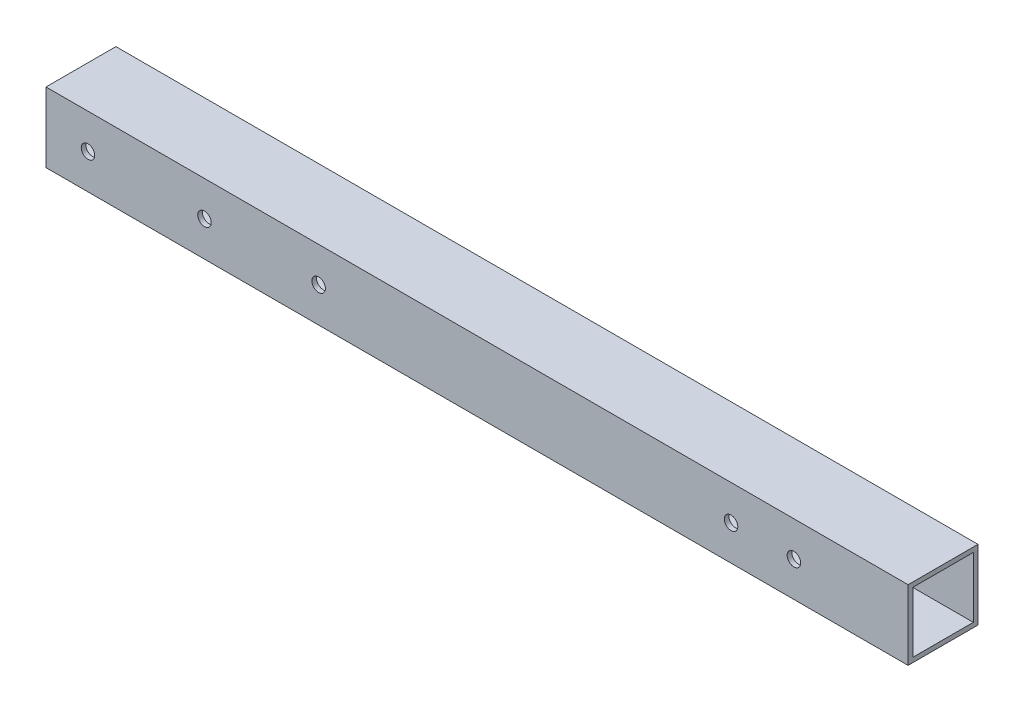
ISO-10303-21;
HEADER;
FILE_DESCRIPTION(('STEP AP214'),'2;1');
FILE_NAME('part.step','',(''),(''),'','','');
FILE_SCHEMA(('AUTOMOTIVE_DESIGN { 1 0 10303 214 1 1 1 1 }'));
ENDSEC;
DATA;
#1=APPLICATION_CONTEXT('core data for automotive mechanical design processes');
#2=APPLICATION_PROTOCOL_DEFINITION('international standard','automotive_design',2000,#1);
#3=PRODUCT_CONTEXT('',#1,'mechanical');
#4=PRODUCT('Part','Part','',(#3));
#5=PRODUCT_RELATED_PRODUCT_CATEGORY('part','',(#4));
#6=PRODUCT_DEFINITION_FORMATION('','',#4);
#7=PRODUCT_DEFINITION_CONTEXT('part definition',#1,'design');
#8=PRODUCT_DEFINITION('design','',#6,#7);
#9=PRODUCT_DEFINITION_SHAPE('','',#8);
#10=(LENGTH_UNIT() NAMED_UNIT(*) SI_UNIT(.MILLI.,.METRE.));
#11=(NAMED_UNIT(*) PLANE_ANGLE_UNIT() SI_UNIT($,.RADIAN.));
#12=(NAMED_UNIT(*) SI_UNIT($,.STERADIAN.) SOLID_ANGLE_UNIT());
#13=UNCERTAINTY_MEASURE_WITH_UNIT(LENGTH_MEASURE(1.E-05),#10,'distance_accuracy_value','');
#14=(GEOMETRIC_REPRESENTATION_CONTEXT(3) GLOBAL_UNCERTAINTY_ASSIGNED_CONTEXT((#13)) GLOBAL_UNIT_ASSIGNED_CONTEXT((#10,
#11,#12)) REPRESENTATION_CONTEXT('',''));
#15=CARTESIAN_POINT('',(0.,0.,0.));
#16=DIRECTION('',(0.,0.,1.));
#17=DIRECTION('',(1.,0.,0.));
#18=AXIS2_PLACEMENT_3D('',#15,#16,#17);
#19=CARTESIAN_POINT('',(185.,0.,0.));
#20=DIRECTION('',(-1.,0.,0.));
#21=DIRECTION('',(0.,0.,1.));
#22=AXIS2_PLACEMENT_3D('',#19,#20,#21);
#23=PLANE('',#22);
#24=DIRECTION('',(0.,1.,0.));
#25=VECTOR('',#24,1.);
#26=CARTESIAN_POINT('',(185.,-7.5,-7.5));
#27=LINE('',#26,#25);
#28=CARTESIAN_POINT('',(185.,-7.5,-7.5));
#29=VERTEX_POINT('',#28);
#30=CARTESIAN_POINT('',(185.,7.5,-7.5));
#31=VERTEX_POINT('',#30);
#32=EDGE_CURVE('E146',#29,#31,#27,.T.);
#33=ORIENTED_EDGE('',*,*,#32,.T.);
#34=DIRECTION('',(0.,0.,1.));
#35=VECTOR('',#34,1.);
#36=CARTESIAN_POINT('',(185.,7.5,7.5));
#37=LINE('',#36,#35);
#38=CARTESIAN_POINT('',(185.,7.5,7.5));
#39=VERTEX_POINT('',#38);
#40=EDGE_CURVE('E149',#31,#39,#37,.T.);
#41=ORIENTED_EDGE('',*,*,#40,.T.);
#42=DIRECTION('',(0.,-1.,0.));
#43=VECTOR('',#42,1.);
#44=CARTESIAN_POINT('',(185.,-7.5,7.5));
#45=LINE('',#44,#43);
#46=CARTESIAN_POINT('',(185.,-7.5,7.5));
#47=VERTEX_POINT('',#46);
#48=EDGE_CURVE('E152',#39,#47,#45,.T.);
#49=ORIENTED_EDGE('',*,*,#48,.T.);
#50=DIRECTION('',(0.,0.,-1.));
#51=VECTOR('',#50,1.);
#52=CARTESIAN_POINT('',(185.,-7.5,7.5));
#53=LINE('',#52,#51);
#54=EDGE_CURVE('E154',#47,#29,#53,.T.);
#55=ORIENTED_EDGE('',*,*,#54,.T.);
#56=EDGE_LOOP('',(#33,#41,#49,#55));
#57=FACE_BOUND('',#56,.T.);
#58=DIRECTION('',(0.,0.,-1.));
#59=VECTOR('',#58,1.);
#60=CARTESIAN_POINT('',(185.,-6.5,6.5));
#61=LINE('',#60,#59);
#62=CARTESIAN_POINT('',(185.,-6.5,6.5));
#63=VERTEX_POINT('',#62);
#64=CARTESIAN_POINT('',(185.,-6.5,-6.5));
#65=VERTEX_POINT('',#64);
#66=EDGE_CURVE('E108',#63,#65,#61,.T.);
#67=ORIENTED_EDGE('',*,*,#66,.F.);
#68=DIRECTION('',(0.,-1.,0.));
#69=VECTOR('',#68,1.);
#70=CARTESIAN_POINT('',(185.,-6.5,6.5));
#71=LINE('',#70,#69);
#72=CARTESIAN_POINT('',(185.,6.5,6.5));
#73=VERTEX_POINT('',#72);
#74=EDGE_CURVE('E130',#73,#63,#71,.T.);
#75=ORIENTED_EDGE('',*,*,#74,.F.);
#76=DIRECTION('',(0.,0.,1.));
#77=VECTOR('',#76,1.);
#78=CARTESIAN_POINT('',(185.,6.5,6.5));
#79=LINE('',#78,#77);
#80=CARTESIAN_POINT('',(185.,6.5,-6.5));
#81=VERTEX_POINT('',#80);
#82=EDGE_CURVE('E128',#81,#73,#79,.T.);
#83=ORIENTED_EDGE('',*,*,#82,.F.);
#84=DIRECTION('',(0.,1.,0.));
#85=VECTOR('',#84,1.);
#86=CARTESIAN_POINT('',(185.,-6.5,-6.5));
#87=LINE('',#86,#85);
#88=EDGE_CURVE('E116',#65,#81,#87,.T.);
#89=ORIENTED_EDGE('',*,*,#88,.F.);
#90=EDGE_LOOP('',(#67,#75,#83,#89));
#91=FACE_BOUND('',#90,.T.);
#92=ADVANCED_FACE('F41',(#57,#91),#23,.F.);
#93=CARTESIAN_POINT('',(0.,0.,0.));
#94=DIRECTION('',(-1.,0.,0.));
#95=DIRECTION('',(0.,0.,1.));
#96=AXIS2_PLACEMENT_3D('',#93,#94,#95);
#97=PLANE('',#96);
#98=DIRECTION('',(0.,1.,0.));
#99=VECTOR('',#98,1.);
#100=CARTESIAN_POINT('',(0.,-7.5,-7.5));
#101=LINE('',#100,#99);
#102=CARTESIAN_POINT('',(0.,-7.5,-7.5));
#103=VERTEX_POINT('',#102);
#104=CARTESIAN_POINT('',(0.,7.5,-7.5));
#105=VERTEX_POINT('',#104);
#106=EDGE_CURVE('E124',#103,#105,#101,.T.);
#107=ORIENTED_EDGE('',*,*,#106,.F.);
#108=DIRECTION('',(0.,0.,-1.));
#109=VECTOR('',#108,1.);
#110=CARTESIAN_POINT('',(0.,-7.5,7.5));
#111=LINE('',#110,#109);
#112=CARTESIAN_POINT('',(0.,-7.5,7.5));
#113=VERTEX_POINT('',#112);
#114=EDGE_CURVE('E150',#113,#103,#111,.T.);
#115=ORIENTED_EDGE('',*,*,#114,.F.);
#116=DIRECTION('',(0.,-1.,0.));
#117=VECTOR('',#116,1.);
#118=CARTESIAN_POINT('',(0.,-7.5,7.5));
#119=LINE('',#118,#117);
#120=CARTESIAN_POINT('',(0.,7.5,7.5));
#121=VERTEX_POINT('',#120);
#122=EDGE_CURVE('E161',#121,#113,#119,.T.);
#123=ORIENTED_EDGE('',*,*,#122,.F.);
#124=DIRECTION('',(0.,0.,1.));
#125=VECTOR('',#124,1.);
#126=CARTESIAN_POINT('',(0.,7.5,7.5));
#127=LINE('',#126,#125);
#128=EDGE_CURVE('E159',#105,#121,#127,.T.);
#129=ORIENTED_EDGE('',*,*,#128,.F.);
#130=EDGE_LOOP('',(#107,#115,#123,#129));
#131=FACE_BOUND('',#130,.T.);
#132=DIRECTION('',(0.,-1.,0.));
#133=VECTOR('',#132,1.);
#134=CARTESIAN_POINT('',(0.,-6.5,6.5));
#135=LINE('',#134,#133);
#136=CARTESIAN_POINT('',(0.,6.5,6.5));
#137=VERTEX_POINT('',#136);
#138=CARTESIAN_POINT('',(0.,-6.5,6.5));
#139=VERTEX_POINT('',#138);
#140=EDGE_CURVE('E117',#137,#139,#135,.T.);
#141=ORIENTED_EDGE('',*,*,#140,.T.);
#142=DIRECTION('',(0.,0.,-1.));
#143=VECTOR('',#142,1.);
#144=CARTESIAN_POINT('',(0.,-6.5,6.5));
#145=LINE('',#144,#143);
#146=CARTESIAN_POINT('',(0.,-6.5,-6.5));
#147=VERTEX_POINT('',#146);
#148=EDGE_CURVE('E66',#139,#147,#145,.T.);
#149=ORIENTED_EDGE('',*,*,#148,.T.);
#150=DIRECTION('',(0.,1.,0.));
#151=VECTOR('',#150,1.);
#152=CARTESIAN_POINT('',(0.,-6.5,-6.5));
#153=LINE('',#152,#151);
#154=CARTESIAN_POINT('',(0.,6.5,-6.5));
#155=VERTEX_POINT('',#154);
#156=EDGE_CURVE('E123',#147,#155,#153,.T.);
#157=ORIENTED_EDGE('',*,*,#156,.T.);
#158=DIRECTION('',(0.,0.,1.));
#159=VECTOR('',#158,1.);
#160=CARTESIAN_POINT('',(0.,6.5,6.5));
#161=LINE('',#160,#159);
#162=EDGE_CURVE('E138',#155,#137,#161,.T.);
#163=ORIENTED_EDGE('',*,*,#162,.T.);
#164=EDGE_LOOP('',(#141,#149,#157,#163));
#165=FACE_BOUND('',#164,.T.);
#166=ADVANCED_FACE('F219',(#131,#165),#97,.T.);
#167=CARTESIAN_POINT('',(185.,-7.5,-7.5));
#168=DIRECTION('',(0.,0.,1.));
#169=DIRECTION('',(1.,0.,0.));
#170=AXIS2_PLACEMENT_3D('',#167,#168,#169);
#171=PLANE('',#170);
#172=CARTESIAN_POINT('',(9.01039609334854,0.,-7.5));
#173=DIRECTION('',(0.,0.,-1.));
#174=DIRECTION('',(-1.,0.,0.));
#175=AXIS2_PLACEMENT_3D('',#172,#173,#174);
#176=CIRCLE('',#175,1.45);
#177=CARTESIAN_POINT('',(7.56039609334854,0.,-7.5));
#178=VERTEX_POINT('',#177);
#179=EDGE_CURVE('E270',#178,#178,#176,.T.);
#180=ORIENTED_EDGE('',*,*,#179,.F.);
#181=EDGE_LOOP('',(#180));
#182=FACE_BOUND('',#181,.T.);
#183=CARTESIAN_POINT('',(160.5,-1.05818132034585E-13,-7.5));
#184=DIRECTION('',(0.,0.,-1.));
#185=DIRECTION('',(-1.,0.,0.));
#186=AXIS2_PLACEMENT_3D('',#183,#184,#185);
#187=CIRCLE('',#186,1.45);
#188=CARTESIAN_POINT('',(159.05,-1.05818132034585E-13,-7.5));
#189=VERTEX_POINT('',#188);
#190=EDGE_CURVE('E274',#189,#189,#187,.T.);
#191=ORIENTED_EDGE('',*,*,#190,.F.);
#192=EDGE_LOOP('',(#191));
#193=FACE_BOUND('',#192,.T.);
#194=CARTESIAN_POINT('',(147.,-1.04950770296597E-13,-7.5));
#195=DIRECTION('',(0.,0.,-1.));
#196=DIRECTION('',(-1.,0.,0.));
#197=AXIS2_PLACEMENT_3D('',#194,#195,#196);
#198=CIRCLE('',#197,1.45);
#199=CARTESIAN_POINT('',(145.55,-1.04950770296597E-13,-7.5));
#200=VERTEX_POINT('',#199);
#201=EDGE_CURVE('E278',#200,#200,#198,.T.);
#202=ORIENTED_EDGE('',*,*,#201,.F.);
#203=EDGE_LOOP('',(#202));
#204=FACE_BOUND('',#203,.T.);
#205=CARTESIAN_POINT('',(58.5000000000001,0.,-7.5));
#206=DIRECTION('',(0.,0.,-1.));
#207=DIRECTION('',(-1.,0.,0.));
#208=AXIS2_PLACEMENT_3D('',#205,#206,#207);
#209=CIRCLE('',#208,1.45000000000001);
#210=CARTESIAN_POINT('',(57.0500000000001,0.,-7.5));
#211=VERTEX_POINT('',#210);
#212=EDGE_CURVE('E282',#211,#211,#209,.T.);
#213=ORIENTED_EDGE('',*,*,#212,.F.);
#214=EDGE_LOOP('',(#213));
#215=FACE_BOUND('',#214,.T.);
#216=CARTESIAN_POINT('',(34.0103960933485,0.,-7.5));
#217=DIRECTION('',(0.,0.,-1.));
#218=DIRECTION('',(-1.,0.,0.));
#219=AXIS2_PLACEMENT_3D('',#216,#217,#218);
#220=CIRCLE('',#219,1.45);
#221=CARTESIAN_POINT('',(32.5603960933486,0.,-7.5));
#222=VERTEX_POINT('',#221);
#223=EDGE_CURVE('E285',#222,#222,#220,.T.);
#224=ORIENTED_EDGE('',*,*,#223,.F.);
#225=EDGE_LOOP('',(#224));
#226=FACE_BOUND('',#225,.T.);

Task description —
Only one stretch of the records above is wanted: the lines between the one holding "#169=DIRECTION('',(1.,0.,0.));" and the one holding "#176=CIRCLE('',#175,1.45);", inclusive, reproduced exactly.

Written solution —
#169=DIRECTION('',(1.,0.,0.));
#170=AXIS2_PLACEMENT_3D('',#167,#168,#169);
#171=PLANE('',#170);
#172=CARTESIAN_POINT('',(9.01039609334854,0.,-7.5));
#173=DIRECTION('',(0.,0.,-1.));
#174=DIRECTION('',(-1.,0.,0.));
#175=AXIS2_PLACEMENT_3D('',#172,#173,#174);
#176=CIRCLE('',#175,1.45);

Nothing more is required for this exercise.